A Confederação Brasileira de Voleibol (CBV) acionou o Supremo Tribunal Federal (STF) após a Câmara Municipal de Londrina aprovar, por 12 votos a 4, um requerimento que proíbe a participação de atletas trans em competições esportivas realizadas no município.

A votação ocorreu na quinta-feira (26), um dia antes do início da fase final da Copa Brasil Feminina de Vôlei, disputada no Ginásio Moringão. A medida poderia impedir a participação da atleta trans Tifanny Abreu, do Osasco São Cristóvão Saúde.

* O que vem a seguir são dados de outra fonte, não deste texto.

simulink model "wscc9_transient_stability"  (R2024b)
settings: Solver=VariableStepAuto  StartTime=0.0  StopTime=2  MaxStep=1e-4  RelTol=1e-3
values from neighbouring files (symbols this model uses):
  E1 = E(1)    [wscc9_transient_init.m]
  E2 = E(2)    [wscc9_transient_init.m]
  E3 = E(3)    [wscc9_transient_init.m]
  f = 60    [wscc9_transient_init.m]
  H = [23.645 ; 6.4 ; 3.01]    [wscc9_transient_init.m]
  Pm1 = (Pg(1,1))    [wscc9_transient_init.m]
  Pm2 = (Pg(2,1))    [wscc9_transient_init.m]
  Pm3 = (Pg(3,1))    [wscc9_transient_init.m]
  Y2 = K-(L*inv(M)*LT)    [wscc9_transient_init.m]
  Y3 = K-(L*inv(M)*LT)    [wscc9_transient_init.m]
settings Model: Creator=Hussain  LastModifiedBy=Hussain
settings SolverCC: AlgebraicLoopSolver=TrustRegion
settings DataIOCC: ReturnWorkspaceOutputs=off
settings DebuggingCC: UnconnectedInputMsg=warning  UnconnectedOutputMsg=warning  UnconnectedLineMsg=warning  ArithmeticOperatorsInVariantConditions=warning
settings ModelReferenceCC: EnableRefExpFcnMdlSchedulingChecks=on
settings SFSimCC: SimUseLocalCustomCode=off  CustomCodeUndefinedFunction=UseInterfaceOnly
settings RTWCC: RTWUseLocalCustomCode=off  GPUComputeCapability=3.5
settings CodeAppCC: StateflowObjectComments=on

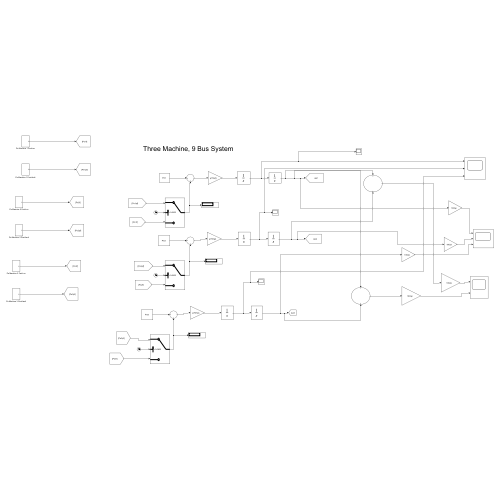
[thumbnail: Simulink's stored preview of the top-level diagram]
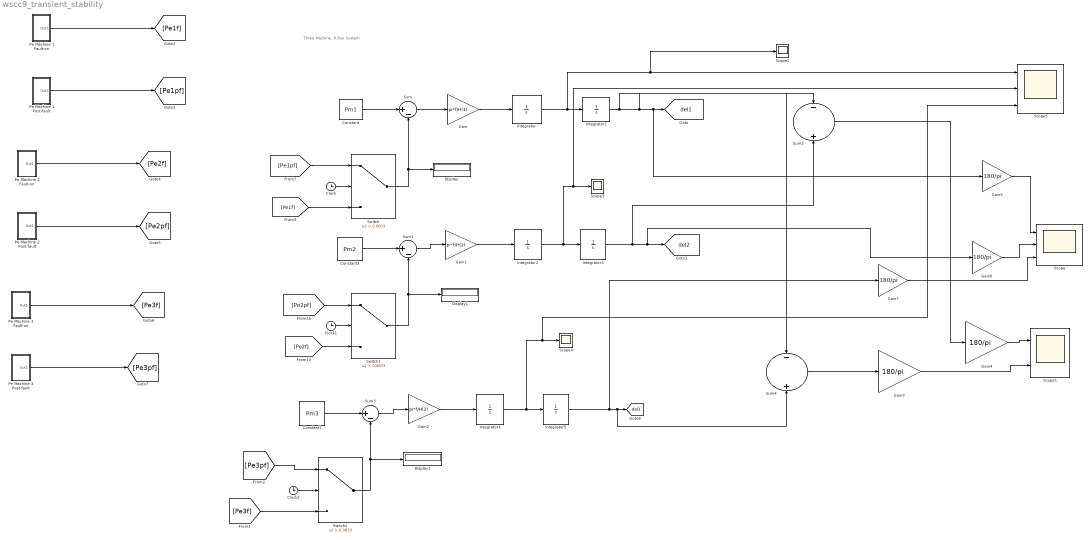
== system wscc9_transient_stability ==
  note: Three Machine, 9 Bus System
  Clock : Clock
  Clock1 : Clock
  Clock2 : Clock
  Constant : Constant  Value=Pm1
  Constant1 : Constant  Value=Pm3
  Constant3 : Constant  Value=Pm2
  Display : Display
  Display1 : Display
  Display2 : Display
  Gain : Gain  Gain=pi*f/H(1)
  Gain1 : Gain  Gain=pi*f/H(2)
  Gain2 : Gain  Gain=pi*f/H(3)
  Gain{3..7} (5 alike) : Gain  Gain=180/pi
  Integrator : Integrator
  Integrator1 : Integrator  InitialCondition=0.0396
  Integrator2 : Integrator
  Integrator3 : Integrator  InitialCondition=0.3447
  Integrator4 : Integrator
  Integrator5 : Integrator  InitialCondition=0.2301
  Pe Machine 1 Fault-on : Subsystem
  Pe Machine 1 Post-fault : Subsystem
  Pe Machine 2 Fault-on : Subsystem
  Pe Machine 2 Post-fault : Subsystem
  Pe Machine 3 Fault-on : Subsystem
  Pe Machine 3 Post-fault : Subsystem
  Scope : Scope  NumInputPorts=3
  Scope1 : Scope  NumInputPorts=2
  Scope2 : Scope
  Scope3 : Scope
  Scope4 : Scope
  Scope5 : Scope  NumInputPorts=3
  Sum : Sum  Inputs=|+-
  Sum1 : Sum  Inputs=|+-
  Sum2 : Sum  Inputs=-+
  Sum3 : Sum  Inputs=|+-
  Sum4 : Sum  Inputs=-+
  Switch : Switch  Criteria=u2 > Threshold  Threshold=0.0833  SaturateOnIntegerOverflow=off  InputSameDT=off
  Switch1 : Switch  Criteria=u2 > Threshold  Threshold=0.0833  SaturateOnIntegerOverflow=off  InputSameDT=off
  Switch2 : Switch  Criteria=u2 > Threshold  Threshold=0.0833  SaturateOnIntegerOverflow=off  InputSameDT=off
  tag scope: del1=global, del2=global, del3=global
  wires:
  Integrator/1 -> Scope5/1, Scope2/1, Integrator1/1
  Gain/1 -> Integrator/1
  Sum/1 -> Gain/1
  Constant/1 -> Sum/1
  Switch/1 -> Display/1, Sum/2
  Clock/1 -> Switch/2
  Integrator1/1 -> Sum4/1, Sum2/1, Gain5/1, [del1]
  Gain1/1 -> Integrator2/1
  Sum1/1 -> Gain1/1
  Constant3/1 -> Sum1/1
  Switch1/1 -> Display1/1, Sum1/2
  [Pe2pf] -> Switch1/1
  [Pe2f] -> Switch1/3
  Clock1/1 -> Switch1/2
  Integrator3/1 -> Sum2/2, Gain6/1, [del2]
  [Pe1f] -> Switch/3
  [Pe1pf] -> Switch/1
  Pe Machine 1 Fault-on/1(Out1) -> [Pe1f]
  Pe Machine 1 Post-fault/1(Out1) -> [Pe1pf]
  Integrator4/1 -> Scope5/3, Scope4/1, Integrator5/1
  Gain2/1 -> Integrator4/1
  Sum3/1 -> Gain2/1
  Constant1/1 -> Sum3/1
  Switch2/1 -> Sum3/2, Display2/1
  Clock2/1 -> Switch2/2
  Integrator5/1 -> Gain7/1, Sum4/2, [del3]
  Pe Machine 2 Fault-on/1(Out1) -> [Pe2f]
  Pe Machine 2 Post-fault/1(Out1) -> [Pe2pf]
  Pe Machine 3 Fault-on/1(Out1) -> [Pe3f]
  Pe Machine 3 Post-fault/1(Out1) -> [Pe3pf]
  [Pe3f] -> Switch2/3
  [Pe3pf] -> Switch2/1
  Sum2/1 -> Gain4/1
  Sum4/1 -> Gain3/1
  Integrator2/1 -> Scope5/2, Scope3/1, Integrator3/1
  Gain3/1 -> Scope1/2
  Gain4/1 -> Scope1/1
  Gain5/1 -> Scope/1
  Gain6/1 -> Scope/2
  Gain7/1 -> Scope/3

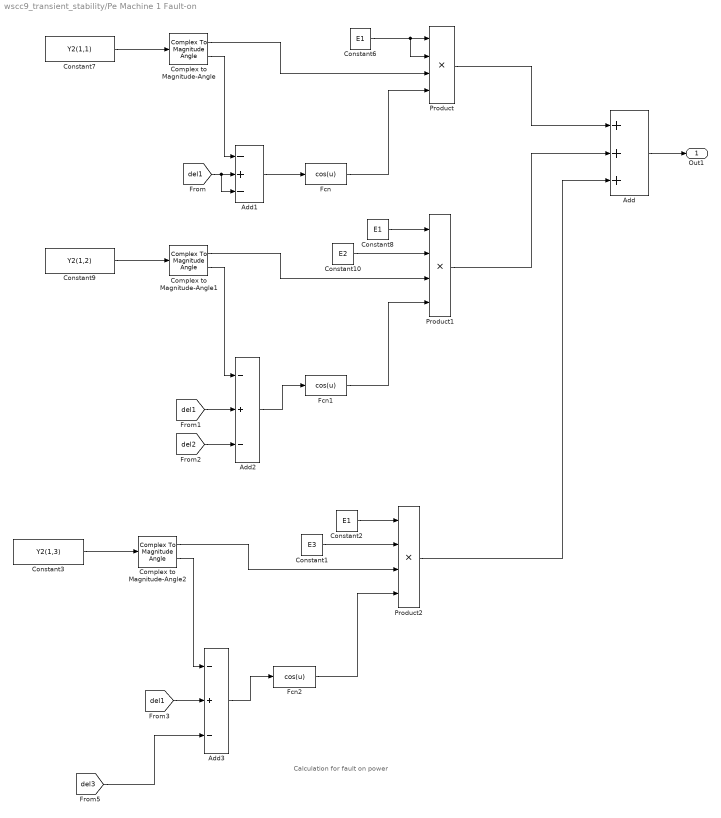
== system wscc9_transient_stability/Pe Machine 1 Fault-on ==
  note: Calculation for fault on power
  Add : Sum  Inputs=+++
  Add1 : Sum  Inputs=-+-
  Add2 : Sum  Inputs=-+-
  Add3 : Sum  Inputs=-+-
  Complex to Magnitude-Angle : ComplexToMagnitudeAngle
  Complex to Magnitude-Angle1 : ComplexToMagnitudeAngle
  Complex to Magnitude-Angle2 : ComplexToMagnitudeAngle
  Constant1 : Constant  Value=E3
  Constant10 : Constant  Value=E2
  Constant2 : Constant  Value=E1
  Constant3 : Constant  Value=Y2(1,3)
  Constant6 : Constant  Value=E1
  Constant7 : Constant  Value=Y2(1,1)
  Constant8 : Constant  Value=E1
  Constant9 : Constant  Value=Y2(1,2)
  Fcn : Fcn  Expr=cos(u)
  Fcn1 : Fcn  Expr=cos(u)
  Fcn2 : Fcn  Expr=cos(u)
  Product : Product  Inputs=4
  Product1 : Product  Inputs=4
  Product2 : Product  Inputs=4
  Out1 : Outport
  wires:
  Constant7/1 -> Complex to Magnitude-Angle/1
  Fcn/1 -> Product/4
  Complex to Magnitude-Angle1/1 -> Product1/3
  [del1] -> Add2/2
  Add2/1 -> Fcn1/1
  Complex to Magnitude-Angle1/2 -> Add2/1
  Fcn1/1 -> Product1/4
  Constant8/1 -> Product1/1
  Constant9/1 -> Complex to Magnitude-Angle1/1
  Product1/1 -> Add/2
  Constant6/1 -> Product/2, Product/1
  Add1/1 -> Fcn/1
  Complex to Magnitude-Angle/1 -> Product/3
  Add/1 -> Out1/1
  Product/1 -> Add/1
  [del2] -> Add2/3
  Constant10/1 -> Product1/2
  Complex to Magnitude-Angle/2 -> Add1/1
  [del1] -> Add1/3, Add1/2
  Complex to Magnitude-Angle2/1 -> Product2/3
  [del1] -> Add3/2
  Add3/1 -> Fcn2/1
  Complex to Magnitude-Angle2/2 -> Add3/1
  Fcn2/1 -> Product2/4
  Constant2/1 -> Product2/1
  Constant3/1 -> Complex to Magnitude-Angle2/1
  [del3] -> Add3/3
  Constant1/1 -> Product2/2
  Product2/1 -> Add/3

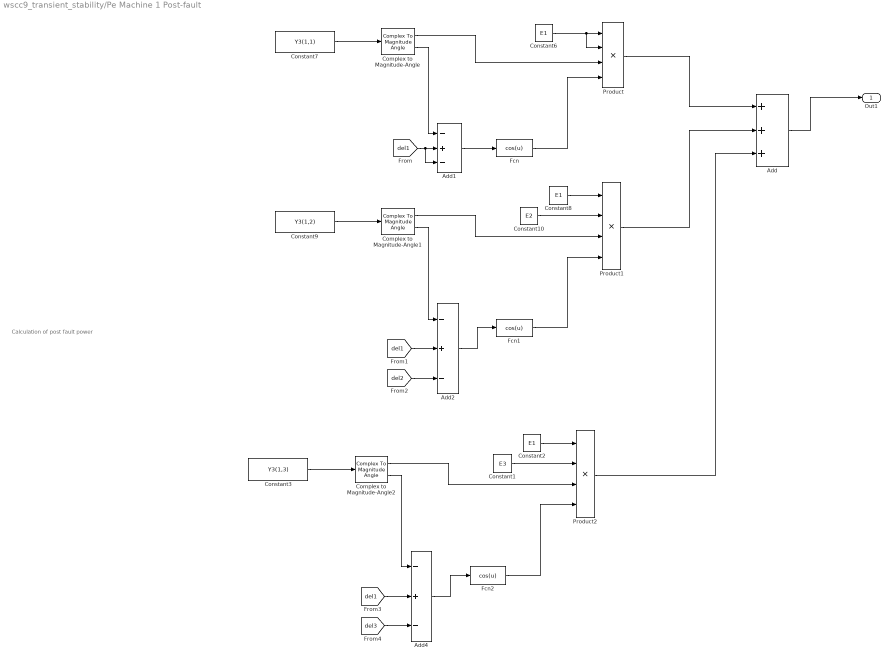
== system wscc9_transient_stability/Pe Machine 1 Post-fault ==
  note: Calculation of post fault power
  Add : Sum  Inputs=+++
  Add1 : Sum  Inputs=-+-
  Add2 : Sum  Inputs=-+-
  Add4 : Sum  Inputs=-+-
  Complex to Magnitude-Angle : ComplexToMagnitudeAngle
  Complex to Magnitude-Angle1 : ComplexToMagnitudeAngle
  Complex to Magnitude-Angle2 : ComplexToMagnitudeAngle
  Constant1 : Constant  Value=E3
  Constant10 : Constant  Value=E2
  Constant2 : Constant  Value=E1
  Constant3 : Constant  Value=Y3(1,3)
  Constant6 : Constant  Value=E1
  Constant7 : Constant  Value=Y3(1,1)
  Constant8 : Constant  Value=E1
  Constant9 : Constant  Value=Y3(1,2)
  Fcn : Fcn  Expr=cos(u)
  Fcn1 : Fcn  Expr=cos(u)
  Fcn2 : Fcn  Expr=cos(u)
  Product : Product  Inputs=4
  Product1 : Product  Inputs=4
  Product2 : Product  Inputs=4
  Out1 : Outport
  wires:
  Constant7/1 -> Complex to Magnitude-Angle/1
  Fcn/1 -> Product/4
  Complex to Magnitude-Angle1/1 -> Product1/3
  [del1] -> Add2/2
  Add2/1 -> Fcn1/1
  Complex to Magnitude-Angle1/2 -> Add2/1
  Fcn1/1 -> Product1/4
  Constant8/1 -> Product1/1
  Constant9/1 -> Complex to Magnitude-Angle1/1
  Product1/1 -> Add/2
  Constant6/1 -> Product/2, Product/1
  Add1/1 -> Fcn/1
  Complex to Magnitude-Angle/1 -> Product/3
  Add/1 -> Out1/1
  Product/1 -> Add/1
  [del2] -> Add2/3
  Constant10/1 -> Product1/2
  Complex to Magnitude-Angle/2 -> Add1/1
  [del1] -> Add1/3, Add1/2
  Complex to Magnitude-Angle2/1 -> Product2/3
  [del1] -> Add4/2
  Add4/1 -> Fcn2/1
  Complex to Magnitude-Angle2/2 -> Add4/1
  Fcn2/1 -> Product2/4
  Constant2/1 -> Product2/1
  Constant3/1 -> Complex to Magnitude-Angle2/1
  [del3] -> Add4/3
  Constant1/1 -> Product2/2
  Product2/1 -> Add/3

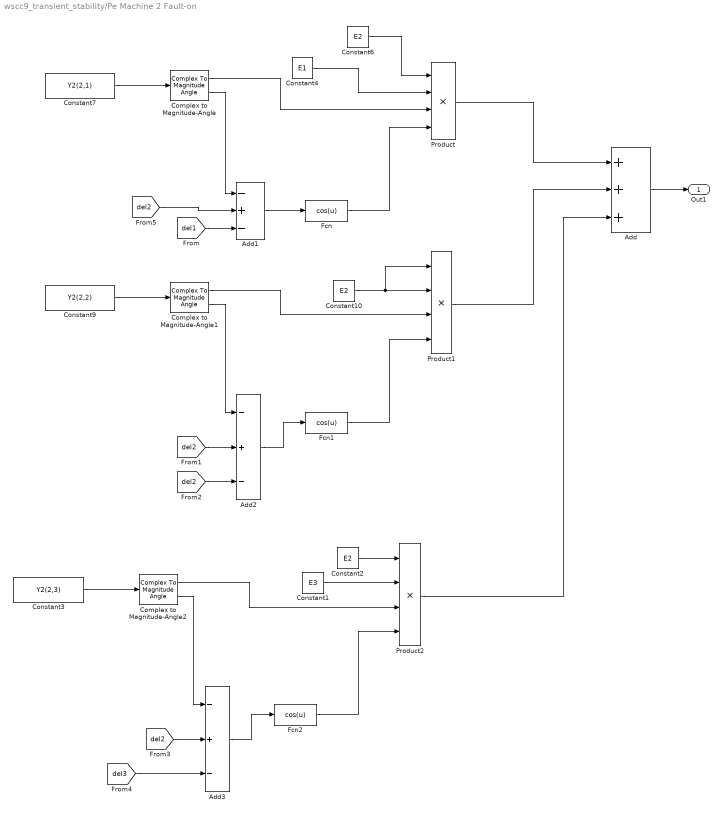
== system wscc9_transient_stability/Pe Machine 2 Fault-on ==
  Add : Sum  Inputs=+++
  Add1 : Sum  Inputs=-+-
  Add2 : Sum  Inputs=-+-
  Add3 : Sum  Inputs=-+-
  Complex to Magnitude-Angle : ComplexToMagnitudeAngle
  Complex to Magnitude-Angle1 : ComplexToMagnitudeAngle
  Complex to Magnitude-Angle2 : ComplexToMagnitudeAngle
  Constant1 : Constant  Value=E3
  Constant10 : Constant  Value=E2
  Constant2 : Constant  Value=E2
  Constant3 : Constant  Value=Y2(2,3)
  Constant4 : Constant  Value=E1
  Constant6 : Constant  Value=E2
  Constant7 : Constant  Value=Y2(2,1)
  Constant9 : Constant  Value=Y2(2,2)
  Fcn : Fcn  Expr=cos(u)
  Fcn1 : Fcn  Expr=cos(u)
  Fcn2 : Fcn  Expr=cos(u)
  Product : Product  Inputs=4
  Product1 : Product  Inputs=4
  Product2 : Product  Inputs=4
  Out1 : Outport
  wires:
  Constant7/1 -> Complex to Magnitude-Angle/1
  Fcn/1 -> Product/4
  Complex to Magnitude-Angle1/1 -> Product1/3
  [del2] -> Add2/2
  Add2/1 -> Fcn1/1
  Complex to Magnitude-Angle1/2 -> Add2/1
  Fcn1/1 -> Product1/4
  Constant10/1 -> Product1/1, Product1/2
  Constant9/1 -> Complex to Magnitude-Angle1/1
  Product1/1 -> Add/2
  Constant6/1 -> Product/1
  Add1/1 -> Fcn/1
  Complex to Magnitude-Angle/1 -> Product/3
  Add/1 -> Out1/1
  Product/1 -> Add/1
  [del2] -> Add2/3
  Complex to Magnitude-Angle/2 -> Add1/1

Diante da urgência, a ministra Cármen Lúcia concedeu liminar suspendendo a restrição e autorizando a presença de atletas trans na competição. A decisão atende ao pedido da Confederação Brasileira de Voleibol.

Na ação, a CBV argumentou que a legislação municipal viola a autonomia constitucional das entidades esportivas para se autorregularem, além de contrariar precedentes do STF que garantem direitos às pessoas trans. A entidade também alertou que o descumprimento da norma local poderia gerar multa e até a perda do alvará do evento.

Ao analisar o caso, a ministra destacou que o Supremo já reconheceu a autonomia das organizações esportivas para estabelecer regras próprias. Segundo ela, a aplicação da lei municipal poderia gerar insegurança jurídica e representar retrocesso em políticas de inclusão, igualdade de gênero e promoção da dignidade humana.

Com a decisão, a fase final da Copa Brasil Feminina de Vôlei segue normalmente em Londrina, com Tifanny Abreu apta a competir conforme o regulamento da CBV.